Женщина, словно решившая ни в чем не уступать, достала свою сумочку для сигар, выбрала тонкую «королеву» и, опустившись в кресло-качалку, закуталась в облако дыма, так что вскоре стала так же невидима, как Юнона в своем нимбе.
Больше они не обменивались взглядами – это вряд ли было возможно, – и около десяти минут царило молчание. Жена молча переживала свой гнев, а муж словно задумался над какой-то тайной проблемой, занявшей его ум. Наконец невольное восклицание подсказало, что он, по-видимому, пришел к решению. Довольное выражение лица, едва различимого в дыме, свидетельствовало, что решение принесло ему удовлетворение.
Достав из зубов «регалию» и развеяв облако дыма, он склонился к жене, в то же время произнеся ее ласкательное имя:
– Фэн!
И форма имени, и тон голоса свидетельствовали, что с его стороны буря миновала. Под влиянием никотина его раздражение улеглось.

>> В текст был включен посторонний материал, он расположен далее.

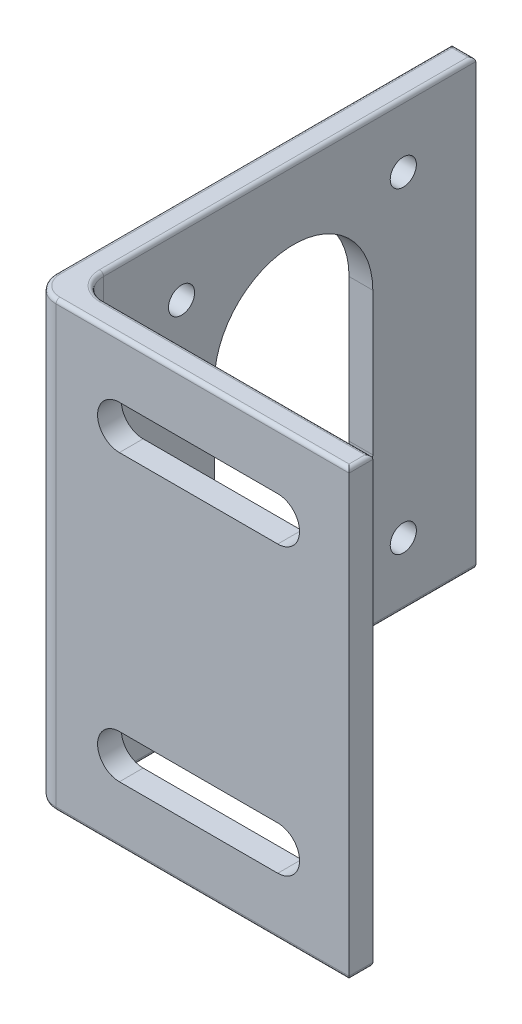
from build123d import *

# Parameters (mm, degrees)
EXTRUDE_1_DEPTH              = 56
FILLET_1_R                   = 3
FILLET_2_R                   = 0.5
CUT_EXTRUDE_1_REACH          = 82.045
CUT_EXTRUDE_2_REACH          = 76.297
HOLE_WIZARD_M4_1_D           = 3.3
HOLE_WIZARD_M4_1_CSINK_D     = 4.5
HOLE_WIZARD_M4_1_CSINK_ANGLE = 90


with BuildPart() as part:
    # 草图1 → 拉伸-薄壁1 (new body)
    with BuildSketch(Plane(origin=(0, 0, 0), x_dir=(1, 0, 0), z_dir=(0, 1, 0))):
        Polygon((-18.5, 25), (-18.5, -25), (18.5, -25), (18.5, -28), (-21.5, -28), (-21.5, 25), align=None)
    extrude(amount=EXTRUDE_1_DEPTH)

    # 圆角1
    fillet_1_edges = [part.edges().sort_by_distance(p)[0] for p in [
        (-21.5, 28, 28),
        (-18.5, 28, 25),
    ]]
    fillet(fillet_1_edges, radius=FILLET_1_R)

    # 圆角2
    fillet_2_edges = [part.edges().sort_by_distance(p)[0] for p in [
        (0, 0, 28),
        (18.5, 0, 26.5),
        (1.5, 0, 25),
        (-18.5, 0, -1.5),
        (-20, 0, -25),
        (-21.5, 0, 0),
        (18.5, 56, 26.5),
        (1.5, 56, 25),
        (-18.5, 56, -1.5),
        (-20, 56, -25),
        (-21.5, 56, 0),
        (0, 56, 28),
        (-20.621320344, 0, 27.121320344),
        (-20.621320344, 56, 27.121320344),
    ]]
    fillet(fillet_2_edges, radius=FILLET_2_R)

    # 草图2 → 切除-拉伸1 (cut, up to next)
    with BuildSketch(Plane.XY.offset(28), mode=Mode.PRIVATE) as cut_extrude_1_sk1:
        with BuildLine():
            Line((-10.5, 48.75), (9.5, 48.75))
            ThreePointArc((9.5, 48.75), (12.25, 46), (9.5, 43.25))
            Line((9.5, 43.25), (-10.5, 43.25))
            ThreePointArc((-10.5, 43.25), (-13.25, 46), (-10.5, 48.75))
        make_face()
    cut_extrude_1_tool1 = extrude(cut_extrude_1_sk1.sketch, amount=-CUT_EXTRUDE_1_REACH, mode=Mode.PRIVATE) & part.part
    # 草图2 → 切除-拉伸1 (cut, up to next)
    with BuildSketch(Plane.XY.offset(28), mode=Mode.PRIVATE) as cut_extrude_1_sk2:
        with BuildLine():
            Line((-10.5, 7.25), (9.5, 7.25))
            ThreePointArc((9.5, 7.25), (12.25, 10), (9.5, 12.75))
            Line((9.5, 12.75), (-10.5, 12.75))
            ThreePointArc((-10.5, 12.75), (-13.25, 10), (-10.5, 7.25))
        make_face()
    cut_extrude_1_tool2 = extrude(cut_extrude_1_sk2.sketch, amount=-CUT_EXTRUDE_1_REACH, mode=Mode.PRIVATE) & part.part
    add(cut_extrude_1_tool1.solids().sort_by_distance((-0.5, 46, 28))[0], mode=Mode.SUBTRACT)
    add(cut_extrude_1_tool2.solids().sort_by_distance((-0.5, 10, 28))[0], mode=Mode.SUBTRACT)

    # 草图3 → 切除-拉伸2 (cut, up to next)
    with BuildSketch(Plane.ZY.offset(21.5), mode=Mode.PRIVATE) as cut_extrude_2_sk1:
        with BuildLine():
            Line((-12, 19), (-12, 37))
            ThreePointArc((-12, 37), (-2, 47), (8, 37))
            Line((8, 37), (8, 19))
            ThreePointArc((8, 19), (-2, 9), (-12, 19))
        make_face()
    cut_extrude_2_tool1 = extrude(cut_extrude_2_sk1.sketch, amount=-CUT_EXTRUDE_2_REACH, mode=Mode.PRIVATE) & part.part
    add(cut_extrude_2_tool1.solids().sort_by_distance((-21.5, 28, -2))[0], mode=Mode.SUBTRACT)

    # M4 螺纹孔1 (through all)
    with Locations(Plane(origin=(-21.5, 8, -15.849623113), x_dir=(0, 0, -1), z_dir=(-1, 0, 0))):
        with Locations((0, 0), (-14, -20), (0, -40), (-28, -40), (-28, 0)):
            CounterSinkHole(HOLE_WIZARD_M4_1_D / 2, HOLE_WIZARD_M4_1_CSINK_D / 2, counter_sink_angle=HOLE_WIZARD_M4_1_CSINK_ANGLE)


solid = part.part
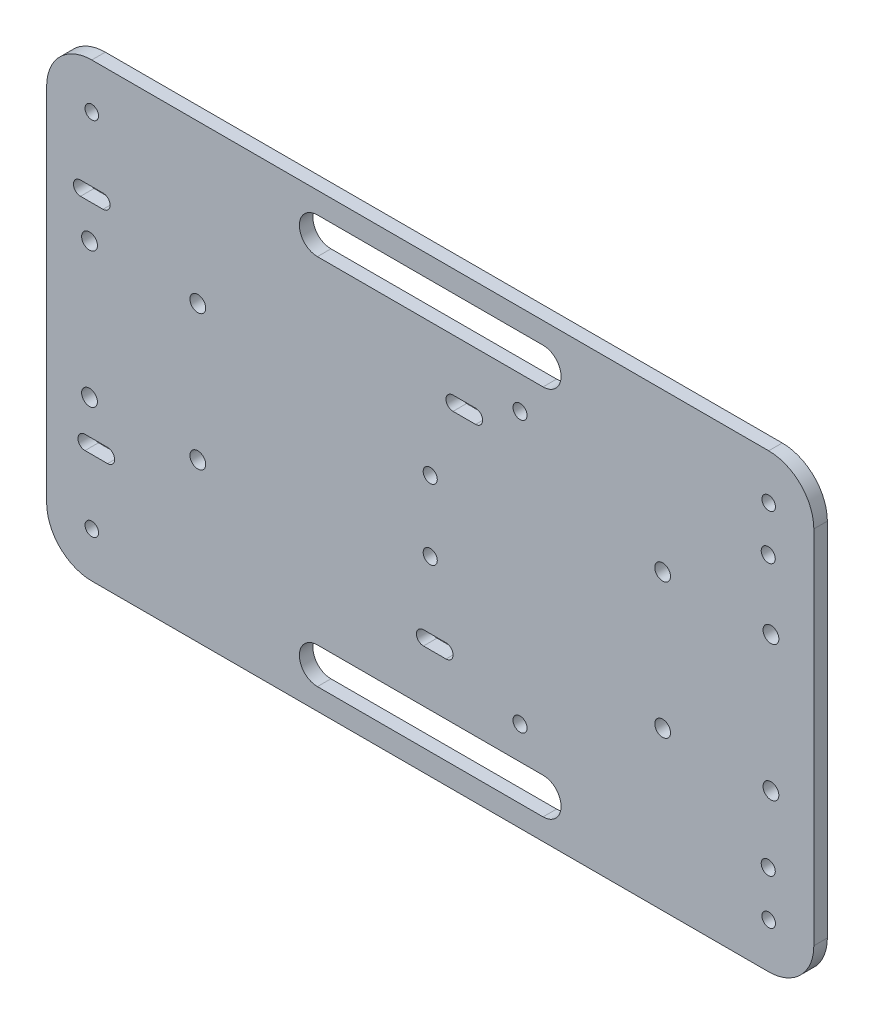
from build123d import *

# Parameters (mm, degrees)
SKETCH1_R           = 1.5
SKETCH1_R_2         = 1.75
SKETCH1_R_3         = 1.56
BOSS_EXTRUDE1_DEPTH = 3


with BuildPart() as part:
    # Sketch1 → Boss-Extrude1 (new body)
    with BuildSketch(Plane.XY):
        with BuildLine():
            Line((75, 50), (-75, 50))
            ThreePointArc((-75, 50), (-82.071067812, 47.071067812), (-85, 40))
            Line((-85, 40), (-85, -40))
            ThreePointArc((-85, -40), (-82.071067812, -47.071067812), (-75, -50))
            Line((-75, -50), (75, -50))
            ThreePointArc((75, -50), (82.071067812, -47.071067812), (85, -40))
            Line((85, -40), (85, -20))
            Line((85, -20), (85, 20))
            Line((85, 20), (85, 40))
            ThreePointArc((85, 40), (82.071067812, 47.071067812), (75, 50))
        make_face()
        with Locations((-75, -40)):
            Circle(SKETCH1_R, mode=Mode.SUBTRACT)
        with BuildLine():
            ThreePointArc((-71.5, -22.59), (-69.94, -24.15), (-71.5, -25.71))
            Line((-71.5, -25.71), (-74, -25.71))
            Line((-74, -25.71), (-76.5, -25.71))
            ThreePointArc((-76.5, -25.71), (-78.06, -24.15), (-76.5, -22.59))
            Line((-76.5, -22.59), (-74, -22.59))
            Line((-74, -22.59), (-71.5, -22.59))
        make_face(mode=Mode.SUBTRACT)
        with Locations((-75.5, -15)):
            Circle(SKETCH1_R_2, mode=Mode.SUBTRACT)
        with Locations((-51.5, -15)):
            Circle(SKETCH1_R_2, mode=Mode.SUBTRACT)
        with BuildLine():
            Line((25, -45.257829906), (-25, -45.257829906))
            ThreePointArc((-25, -45.257829906), (-29, -41.257829906), (-25, -37.257829906))
            Line((-25, -37.257829906), (25, -37.257829906))
            ThreePointArc((25, -37.257829906), (29, -41.257829906), (25, -45.257829906))
        make_face(mode=Mode.SUBTRACT)
        with Locations((19.9, -30)):
            Circle(SKETCH1_R_3, mode=Mode.SUBTRACT)
        with Locations((75, -40)):
            Circle(SKETCH1_R, mode=Mode.SUBTRACT)
        with Locations((74.9, -30)):
            Circle(SKETCH1_R_3, mode=Mode.SUBTRACT)
        with BuildLine():
            ThreePointArc((3.5, -22.59), (5.06, -24.15), (3.5, -25.71))
            Line((3.5, -25.71), (1, -25.71))
            Line((1, -25.71), (-1.5, -25.71))
            ThreePointArc((-1.5, -25.71), (-3.06, -24.15), (-1.5, -22.59))
            Line((-1.5, -22.59), (1, -22.59))
            Line((1, -22.59), (3.5, -22.59))
        make_face(mode=Mode.SUBTRACT)
        with Locations((0, -7.78)):
            Circle(SKETCH1_R_3, mode=Mode.SUBTRACT)
        with Locations((51.5, -15)):
            Circle(SKETCH1_R_2, mode=Mode.SUBTRACT)
        with Locations((75.5, -15)):
            Circle(SKETCH1_R_2, mode=Mode.SUBTRACT)
        with Locations((-75.5, 15)):
            Circle(SKETCH1_R_2, mode=Mode.SUBTRACT)
        with BuildLine():
            ThreePointArc((-72.5, 25.71), (-70.94, 24.15), (-72.5, 22.59))
            Line((-72.5, 22.59), (-75, 22.59))
            Line((-75, 22.59), (-77.5, 22.59))
            ThreePointArc((-77.5, 22.59), (-79.06, 24.15), (-77.5, 25.71))
            Line((-77.5, 25.71), (-75, 25.71))
            Line((-75, 25.71), (-72.5, 25.71))
        make_face(mode=Mode.SUBTRACT)
        with Locations((-51.5, 15)):
            Circle(SKETCH1_R_2, mode=Mode.SUBTRACT)
        with Locations((-75, 40)):
            Circle(SKETCH1_R, mode=Mode.SUBTRACT)
        with Locations((0, 7.78)):
            Circle(SKETCH1_R_3, mode=Mode.SUBTRACT)
        with BuildLine():
            ThreePointArc((10.05, 25.71), (11.61, 24.15), (10.05, 22.59))
            Line((10.05, 22.59), (7.55, 22.59))
            Line((7.55, 22.59), (5.05, 22.59))
            ThreePointArc((5.05, 22.59), (3.49, 24.15), (5.05, 25.71))
            Line((5.05, 25.71), (7.55, 25.71))
            Line((7.55, 25.71), (10.05, 25.71))
        make_face(mode=Mode.SUBTRACT)
        with Locations((51.5, 15)):
            Circle(SKETCH1_R_2, mode=Mode.SUBTRACT)
        with Locations((75.5, 15)):
            Circle(SKETCH1_R_2, mode=Mode.SUBTRACT)
        with Locations((19.9, 30)):
            Circle(SKETCH1_R_3, mode=Mode.SUBTRACT)
        with BuildLine():
            ThreePointArc((-25, 37.257829906), (-29, 41.257829906), (-25, 45.257829906))
            Line((-25, 45.257829906), (25, 45.257829906))
            ThreePointArc((25, 45.257829906), (29, 41.257829906), (25, 37.257829906))
            Line((25, 37.257829906), (-25, 37.257829906))
        make_face(mode=Mode.SUBTRACT)
        with Locations((74.9, 30)):
            Circle(SKETCH1_R_3, mode=Mode.SUBTRACT)
        with Locations((75, 40)):
            Circle(SKETCH1_R, mode=Mode.SUBTRACT)
    extrude(amount=BOSS_EXTRUDE1_DEPTH)


solid = part.part

Жена, на которую курение тоже подействовало, достала изо рта «королеву»; голосом, в котором звучало прощение, ответила:
– Дик!
– Мне пришла в голову мысль, – сказал он, возобновляя разговор совсем по-иному. – Великолепная мысль!
– В ее великолепии я сомневаюсь. Но смогу лучше судить, если ты со мной поделишься. Ты ведь собираешься это сделать, мне кажется.
– Да, – ответил он, не обращая внимания на сарказм.
– Послушаем.
– Ну, Фэн, если что-то в этом мире и ясно, так то, что, поженившись, мы допустили большую ошибку.
– Ясно, как день, – для меня по крайней мере.
– Тогда ты не оскорбишься, если я скажу, что у меня аналогичное мнение. Мы поженились по любви. Но это была глупость, которую мы не могли себе позволить.
– Мне кажется, я все это знаю. Скажи мне что-нибудь новое.
– Больше чем глупость, – продолжал достойный супруг. – Это был совершенно безумный поступок!
– Особенно с моей стороны.
– Со стороны нас обоих. Имей в виду, я не жалею, что взял тебя в жены. Жалею только в том отношении, что уничтожил твои возможности и шансы на успех. Я знаю, что ты могла выйти за гораздо более богатых мужчин.
– Значит, ты это признаешь?
– Конечно. А ты должна признать, что у меня была возможность жениться на богатых женщинах.
– Например, на леди Карге.
– Неважно. Леди Карга могла спасти меня от тягостей жизни; а она обещает стать еще тяжелей. Ты знаешь, у нас не осталось никаких ресурсов, кроме моего искусства игры в карты. Я приехал сюда в счастливом заблуждени, что найду множество жирных голубей и что ястребы обитают только по ту сторону Атлантики. Ну, я тут повсюду побывал со своими рекомендациями, и какой результат? Я понял, что самый тупой обитатель салонов Нью-Йорка будет одним из самых умных в Лондоне. Я уже потратил сотню фунтов и не вижу возможности вернуть их.
– А что ты видишь, Дик? В чем твоя идея?
– Ты готова выслушать мое предложение?
– Как ты снисходителен, что спрашиваешь меня. Давай послушаем. Соглашусь ли я на него, это другое дело.
– Ну, моя дорогая Фэн, идею мне подсказали твои собственные слова, поэтому ты не можешь на нее сердиться.
– Если это всего лишь идея , можешь не опасаться. А что за слова?
– Ты сказала, что хотела бы, чтобы я женился на леди.
– Сказала. Ну и что?
– Больше, чем ты думаешь. Очень много смысла.
– Я сказала то, что думала.
– Ты говорила со зла, Фэн.
– Я говорила искренне.
– Ха-ха! Я тебя слишком хорошо знаю, чтобы поверить.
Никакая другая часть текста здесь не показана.